Extending a partial order to antichains Let $(S, \leq)$ be a partial order. Let $T$ be the set of antichains of $S$ (i.e., subsets of $S$ whose elements are pairwise incomparable). Define a relation $\leq'$ on $T$ as follows: for all $A$, $B \in T$, $A \leq' B$ iff $\forall x \in A, \exists y \in B, x \leq y$.
It seems to me that $\leq'$ is also a partial order (it is reflexive, transitive and antisymmetric), and I feel this construction is natural enough to be standard, but I can't find a name for it. How is this construction called? Are there other ways to extend a partial order on a set to a partial order on antichains?
Bonus question: Does $\leq'$ share some of $\leq$'s properties?
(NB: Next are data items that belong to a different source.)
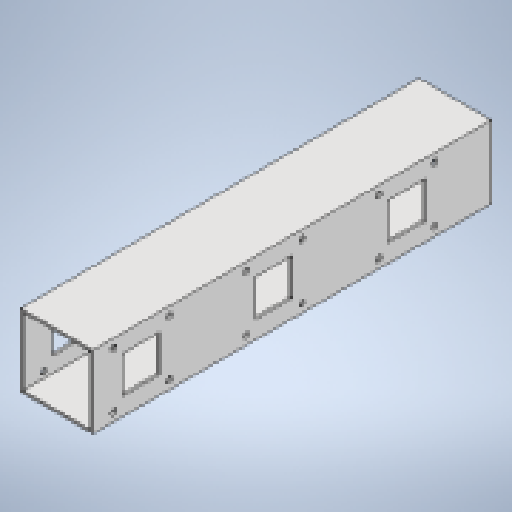
# Autodesk Inventor part: PRS 940-55 (fds) main way tube
Saved by Autodesk Inventor 2025.3 (Build 293356030, 356C)
## iProperties
Created: 2025-06-24
Part Number: PRS 940-55 (fds) main way tube
Material: Stainless Steel
Document SubType Name: Modeling
Designer: admin
Mass: 1762.25 g
Surface Area: 2283.33 cm^2
Volume: 220.281 cm^3
Density: 8 g/cm^3
Sheet Metal Rule: AISI304 2mm Die16
Sheet Metal Width: 0.000 mm
Sheet Metal Length: 0.000 mm
Sheet Metal Area: 0.000 mm^2
Appearance: Default
Author: user
Autodesk Inventor part; units mm, degrees
ref_plane "YZ Plane" through (0, 0, 0) normal (1, 0, 0) x (0, 1, 0)
ref_plane "XZ Plane" through (0, 0, 0) normal (0, 1, 0) x (-1, 0, 0)
ref_plane "XY Plane" through (0, 0, 0) normal (0, 0, 1) x (1, 0, 0)
sketch "Sketch9" plane through (0, 0, 0) normal (0, 1, 0) x (-1, 0, 0)
  line L0 (30, 30) -> (-30, 30)
  line L1 (-30, 30) -> (-30, -30)
  line L2 (-30, -30) -> (30, -30)
  line L3 (30, -30) -> (30, 30)
  line L4 (30, 30) -> (-30, -30) construction
  line L5 (-30, 30) -> (30, -30) construction
  line L6 (-28, 28) -> (28, 28)
  line L7 (28, 28) -> (28, -28)
  line L8 (28, -28) -> (-28, -28)
  line L9 (-28, -28) -> (-28, 28)
  point P0 (0, 0)
  dimension "d172" = 60
  dimension "d173" = 60
  dimension "d174" = 2
  constraints: 20 end point, 4 parallel, 2 midpoint, 2 perpendicular, 1 horizontal, 3 other
  measures "d172" distance of L2.end L1.end
  measures "d173" distance of L0.end L1.end
  measures "d174" distance between parallel lines of L0 L6
extrude "Extrusion3" add sketch "Sketch9" against normal blind 330
sketch "Sketch10" plane through (0, 0, 0) normal (1, 0, 0) x (0, 1, 0)
  line L0 (0, 30) -> (0, -30) construction
  line L1 (0, 30) -> (-330, 30) construction
  line L2 (-330, -30) -> (-330, 30) construction
  line L3 (0, -30) -> (-330, -30) construction
  line L4 (0, 0) -> (40, 0)
  line L5 (-85.25, -15.25) -> (-85.25, 15.25)
  line L6 (-85.25, 15.25) -> (-54.75, 15.25)
  line L7 (-54.75, 15.25) -> (-54.75, -15.25)
  line L8 (-54.75, -15.25) -> (-85.25, 15.25) construction
  line L9 (-85.25, -15.25) -> (-54.75, 15.25) construction
  circle A0 centre (-93, 23) radius 2.5
  circle A1 centre (-47, 23) radius 2.5
  line L10 (-85.25, -15.25) -> (-93, -23) construction
  circle A2 centre (-47, -23) radius 2.5
  circle A3 centre (-93, -23) radius 2.5
  circle A4 centre (-70, 0) radius 32.5269 construction
  line L11 (-54.75, -15.25) -> (-85.25, -15.25)
  line L12 (-44.5, -25.5) -> (-95.5, -25.5) construction
  line L13 (-95.5, -25.5) -> (-95.5, 25.5) construction
  line L14 (-95.5, 25.5) -> (-44.5, 25.5) construction
  line L15 (-44.5, 25.5) -> (-44.5, -25.5) construction
  line L16 (-44.5, -25.5) -> (-95.5, 25.5) construction
  line L17 (-95.5, -25.5) -> (-44.5, 25.5) construction
  line L18 (-70, 37.0891) -> (-70, 0) construction
  circle A5 centre (-93, 23) radius 10.9602 construction
  point P0 (-391.3995, 90.0207)
  point P1 (-386.6495, 165.0207)
  dimension "d191" = 21.9203
  dimension "d181" = 40
  dimension "d187" = 30.5
  dimension "d188" = 30.5
  dimension "d189" = 5
  dimension "d190" = 51
  dimension "d192" = 110
  dimension "d196" = 46
  constraints: 32 end point, 6 point on line, 5 centre point, 5 midpoint, 4 parallel, 4 point on circle, 3 equal radius, 3 horizontal, 2 coincident, 2 perpendicular, 1 tangent, 1 vertical, 3 other
  measures "d181" distance of L4.start L4.end
  measures "d187" distance of L7.end L5.start
  measures "d188" distance of L5.start L5.end
  measures "d189" diameter of A2
  measures "d190" distance of L13.start L13.end
  measures "d192" distance of L4.end L18.end
  measures "d196" distance of A0.centre A1.centre
extrude "Extrusion4" cut sketch "Sketch10" along normal through all both and the other way through all
pattern_linear "Rectangular Pattern4" count 3 spacing 110 along (0, -1, 0) of "Extrusion4"
body "Solid4"

For instance, if $\leq$ is a well-quasi-ordering, is $\leq'$ also a well-quasi-ordering?
 A: For finite posts at least, there is a one to one correspondence between antichains and lower sets (an antichain $A$ defines the lower sets of elements $x$ such that $\exists y \in A,\,x \leq y$, and conversely the set of maximal elements of a lower set is an antichain). The order relation I have just given is the image of the inclusion order on lower sets under this correspondence: $A \leq' B$ iff $\overline{A} \subseteq \overline{B}$ for $\overline{A}$ and $\overline{B}$ the lower sets associated to $A$ and $B$.
The order induced by the inclusion order of the lower sets of a poset is well-known: is is a distributive lattice, and Birkhoff's representation theorem states that the mapping from posets to the distributive lattice of the inclusion order on its lower set is one-to-one. To wrap it up, the order relation I described in my question is isomorphic to the distributive lattice associated to $(S, \leq)$ by Birkhoff's representation theorem.
A: It is not true, in general, that there is a 1-to-1 correspondence between antichains and lower sets. It is true if the poset satisfies the ascending chain condition.
Here's a counterexample. Take as the poset the unit interval with the usual order: $([0,1], \leq)$. Consider the set $S = [0, 1)$. Then $S$ is a lower set, because for any $x\in S$, any $y\leq x$ is in S. However, $S$ has no maximal elements.